**Problem:**
Please give back only the lines below from the one containing "line L5 (-22.86, -43.1)" to the one containing "line L9 (-24.13, -43.1) -> (24.13, -43.1)", each repeated word for word, both ends included.

----

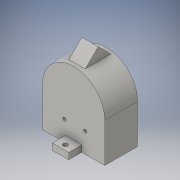
# Autodesk Inventor part: Tail5
Saved by Autodesk Inventor 2016 (Build 200138000, 138)
## iProperties
Created: 2017-03-09
Part Number: Tail5
Material: Generic
Document SubType Name: Modeling
Designer: Owner
Density: 1 g/cm^3
Appearance: Default
Author: Owner
Autodesk Inventor part; units mm, degrees
ref_plane "YZ Plane" through (0, 0, 0) normal (1, 0, 0) x (0, 1, 0)
ref_plane "XZ Plane" through (0, 0, 0) normal (0, 1, 0) x (-1, 0, 0)
sketch "Sketch1" plane through (0, 0, 0) normal (0, 0, 1) x (1, 0, 0)
  line L0 (-21.6147, -38.1) -> (42.5469, -38.1) projected
  line L1 (6.35, -38.0962) -> (6.35, -43.1) projected
  line L2 (6.35, -43.1) -> (22.86, -43.1) projected
  line L3 (22.86, -43.1) -> (22.86, 0) projected
  arc A0 (22.86, 0) -> (-22.86, 0) centre (0, 0) ccw projected
  line L4 (-22.86, 0) -> (-22.86, -43.1) projected
  line L5 (-22.86, -43.1) -> (-6.35, -43.1) projected
  line L6 (-6.35, -43.1) -> (-6.35, -38.0962) projected
  line L7 (-6.35, -38.0962) -> (6.35, -38.0962) projected
  line L8 (17.78, -43.1) -> (-24.13, -43.1)
  line L9 (-24.13, -43.1) -> (24.13, -43.1)
  line L10 (0, 0) -> (0, -12.7)
  circle A1 centre (0, -12.7) radius 24.13
  line L11 (-24.13, -12.7) -> (24.13, -12.7)
  line L12 (24.13, -12.7) -> (24.13, -43.1)
  line L13 (24.13, -43.1) -> (-24.13, -43.1)
  line L14 (-24.13, -43.1) -> (-24.13, -12.7)
  dimension "d20" = 48.26
  dimension "d19" = 12.7
  constraints: 14 end point, 2 coincident, 2 horizontal, 2 parallel, 1 horizontal alignment, 1 perpendicular, 1 point on line, 1 vertical, 2 other
  measures "d19" distance of L10.start L10.end
extrude "Extrusion1" add sketch "Sketch1" along normal blind 25.4 contours L6 L7 L1 L0 | L0 L1 L8 L6 | L6 L5 L4 A1 L3 L0 L1 L7 | L0 L3 L2 L1 | L3 A1 L12 L0 | L0 L12 L9 L3 | L8 L14 A1 L4 | A1 L4 L11 L3 | L3 L11 A1 | A1 L11 L4 | L11 L3 A1 | L11 L4 A1 L3 | L11 A1 L4
sketch "Sketch2" plane through (0, 0, 0) normal (0, 0, -1) x (-1, 0, 0)
  line L0 (6.35, -43.1) -> (-6.35, -43.1) projected
  line L1 (-6.35, -43.1) -> (-6.35, -38.0962) projected
  line L2 (-6.35, -38.0962) -> (6.35, -38.0962) projected
  line L3 (6.35, -38.0962) -> (6.35, -43.1) projected
  line L4 (6.35, -38.0962) -> (-6.35, -38.0962)
  line L5 (-6.35, -38.0962) -> (-6.35, -33.0924)
  line L6 (-6.35, -33.0924) -> (6.35, -33.0924)
  line L7 (6.35, -33.0924) -> (6.35, -38.0962)
  point P0 (0, 0)
  dimension "d3" = 5.0038
  constraints: 8 end point, 2 parallel, 1 horizontal, 1 perpendicular
  measures "d3" distance of L6.end L2.end
extrude "Extrusion2" add sketch "Sketch2" along normal blind 10.16 contours L2 L5 L6 L7
sketch "Sketch3" plane through (-6.35, -33.0924, 0) normal (0, 1, 0) x (1, 0, 0)
  line L0 (12.7, 10.16) -> (0, 10.16) projected
  line L1 (6.35, 10.16) -> (6.35, 6.35)
  circle A0 centre (6.35, 6.35) radius 2.25
  point P0 (6.35, 0)
  dimension "d6" = 3.81
  dimension "d7" = 4.5
  constraints: 2 end point, 1 centre point, 1 coincident, 1 midpoint, 1 vertical
  measures "d6" distance of L1.start L1.end
  measures "d7" diameter of A0
extrude "Extrusion3" cut sketch "Sketch3" against normal blind 10.16
sketch "Sketch4" plane through (0, 0, 25.4) normal (0, 0, 1) x (1, 0, 0)
  line L0 (0, -43.1) -> (6.35, -43.1)
  line L1 (6.35, -43.1) -> (-6.35, -43.1)
  line L2 (-6.35, -43.1) -> (6.35, -43.1)
  line L3 (6.35, -43.1) -> (6.35, -38.0962)
  line L4 (6.35, -38.0962) -> (-6.35, -38.0962)
  line L5 (-6.35, -38.0962) -> (-6.35, -43.1)
  point P0 (0, 0)
  dimension "d10" = 6.35
  dimension "d11" = 12.7
  dimension "d12" = 5.0038
  constraints: 12 end point, 2 parallel, 1 horizontal, 1 perpendicular
  measures "d10" distance of L0.start L0.end
  measures "d11" distance of L0.end L1.end
  measures "d12" distance of L2.end L3.end
extrude "Extrusion4" add sketch "Sketch4" along normal blind 10.16
sketch "Sketch5" plane through (-6.35, -38.0962, 25.4) normal (0, 1, 0) x (1, 0, 0)
  line L0 (0, -10.16) -> (12.7, -10.16) projected
  line L1 (6.35, -10.16) -> (6.35, -6.35)
  circle A0 centre (6.35, -6.35) radius 1.75
  point P0 (6.35, 25.4)
  dimension "d15" = 3.81
  dimension "d16" = 3.5
  constraints: 2 end point, 1 centre point, 1 coincident, 1 midpoint, 1 vertical
  measures "d15" distance of L1.start L1.end
  measures "d16" diameter of A0
extrude "Extrusion5" cut sketch "Sketch5" against normal blind 10.16
ref_plane "Work Plane1" through (0, -43.1, 0) normal (-1, 0, 0) x (0, 0, 1)
sketch "Sketch6" plane through (0, -43.1, 0) normal (-1, 0, 0) x (0, 0, 1)
  line L0 (0, 54.53) -> (0, 30.4) projected
  line L1 (0, 54.53) -> (2.7051, 54.53)
  line L2 (0, 54.53) -> (25.4, 54.53) projected
  line L3 (2.7051, 54.53) -> (22.6949, 54.53)
  line L4 (22.6949, 54.53) -> (12.6873, 54.53)
  line L5 (12.6873, 54.53) -> (12.6873, 64.5376)
  line L6 (12.6873, 64.5376) -> (22.6949, 54.53)
  line L7 (12.6873, 64.5376) -> (2.7051, 54.53)
  point P0 (0, 43.1)
  dimension "d22" = 2.7051
  dimension "d23" = 19.9898
  dimension "d24" = 10.0076
  dimension "d25" = 10.0076
  constraints: 12 end point, 3 point on line, 1 perpendicular
  measures "d22" distance of L0.start L1.end
  measures "d23" distance of L1.end L3.end
  measures "d24" distance of L3.end L4.end
  measures "d25" distance of L4.end L5.end
extrude "Extrusion6" add sketch "Sketch6" along normal mid plane 12.7
sketch "Sketch7" plane through (0, 0, 0) normal (0, 0, -1) x (-1, 0, 0)
  ellipse E0 centre (-10.0535, -27.5683) end of major axis (-10.0535, -26.3237) minor radius 1.2444 projected
  ellipse E1 centre (8.0741, -27.5683) end of major axis (8.0741, -26.3237) minor radius 1.2444 projected
  line L0 (-10.0535, -27.5683) -> (-9.0535, -27.5683)
  circle A0 centre (-9.0535, -27.5683) radius 1.2446
  line L1 (8.0741, -27.5683) -> (7.0741, -27.5683)
  circle A1 centre (7.0741, -27.5683) radius 1.2446
  point P0 (0, 0)
  dimension "d28" = 1
  dimension "d29" = 2.4892
  dimension "d30" = 1
  dimension "d31" = 2.4892
  constraints: 4 end point, 2 centre point, 2 coincident, 2 horizontal, 2 other
  measures "d28" distance of L0.start L0.end
  measures "d29" diameter of A0
  measures "d30" distance of L1.start L1.end
  measures "d31" diameter of A1
extrude "Extrusion7" cut sketch "Sketch7" against normal blind 25.4 contours A0 E0 | E0 A0 | A1 E1 | E1 A1 picked at (-9.7984, -27.3936) picked at (-8.155, -27.4665) picked at (7.819, -27.743) picked at (6.1756, -27.6701)
body "Solid1"

----

**Result:**
  line L5 (-22.86, -43.1) -> (-6.35, -43.1) projected
  line L6 (-6.35, -43.1) -> (-6.35, -38.0962) projected
  line L7 (-6.35, -38.0962) -> (6.35, -38.0962) projected
  line L8 (17.78, -43.1) -> (-24.13, -43.1)
  line L9 (-24.13, -43.1) -> (24.13, -43.1)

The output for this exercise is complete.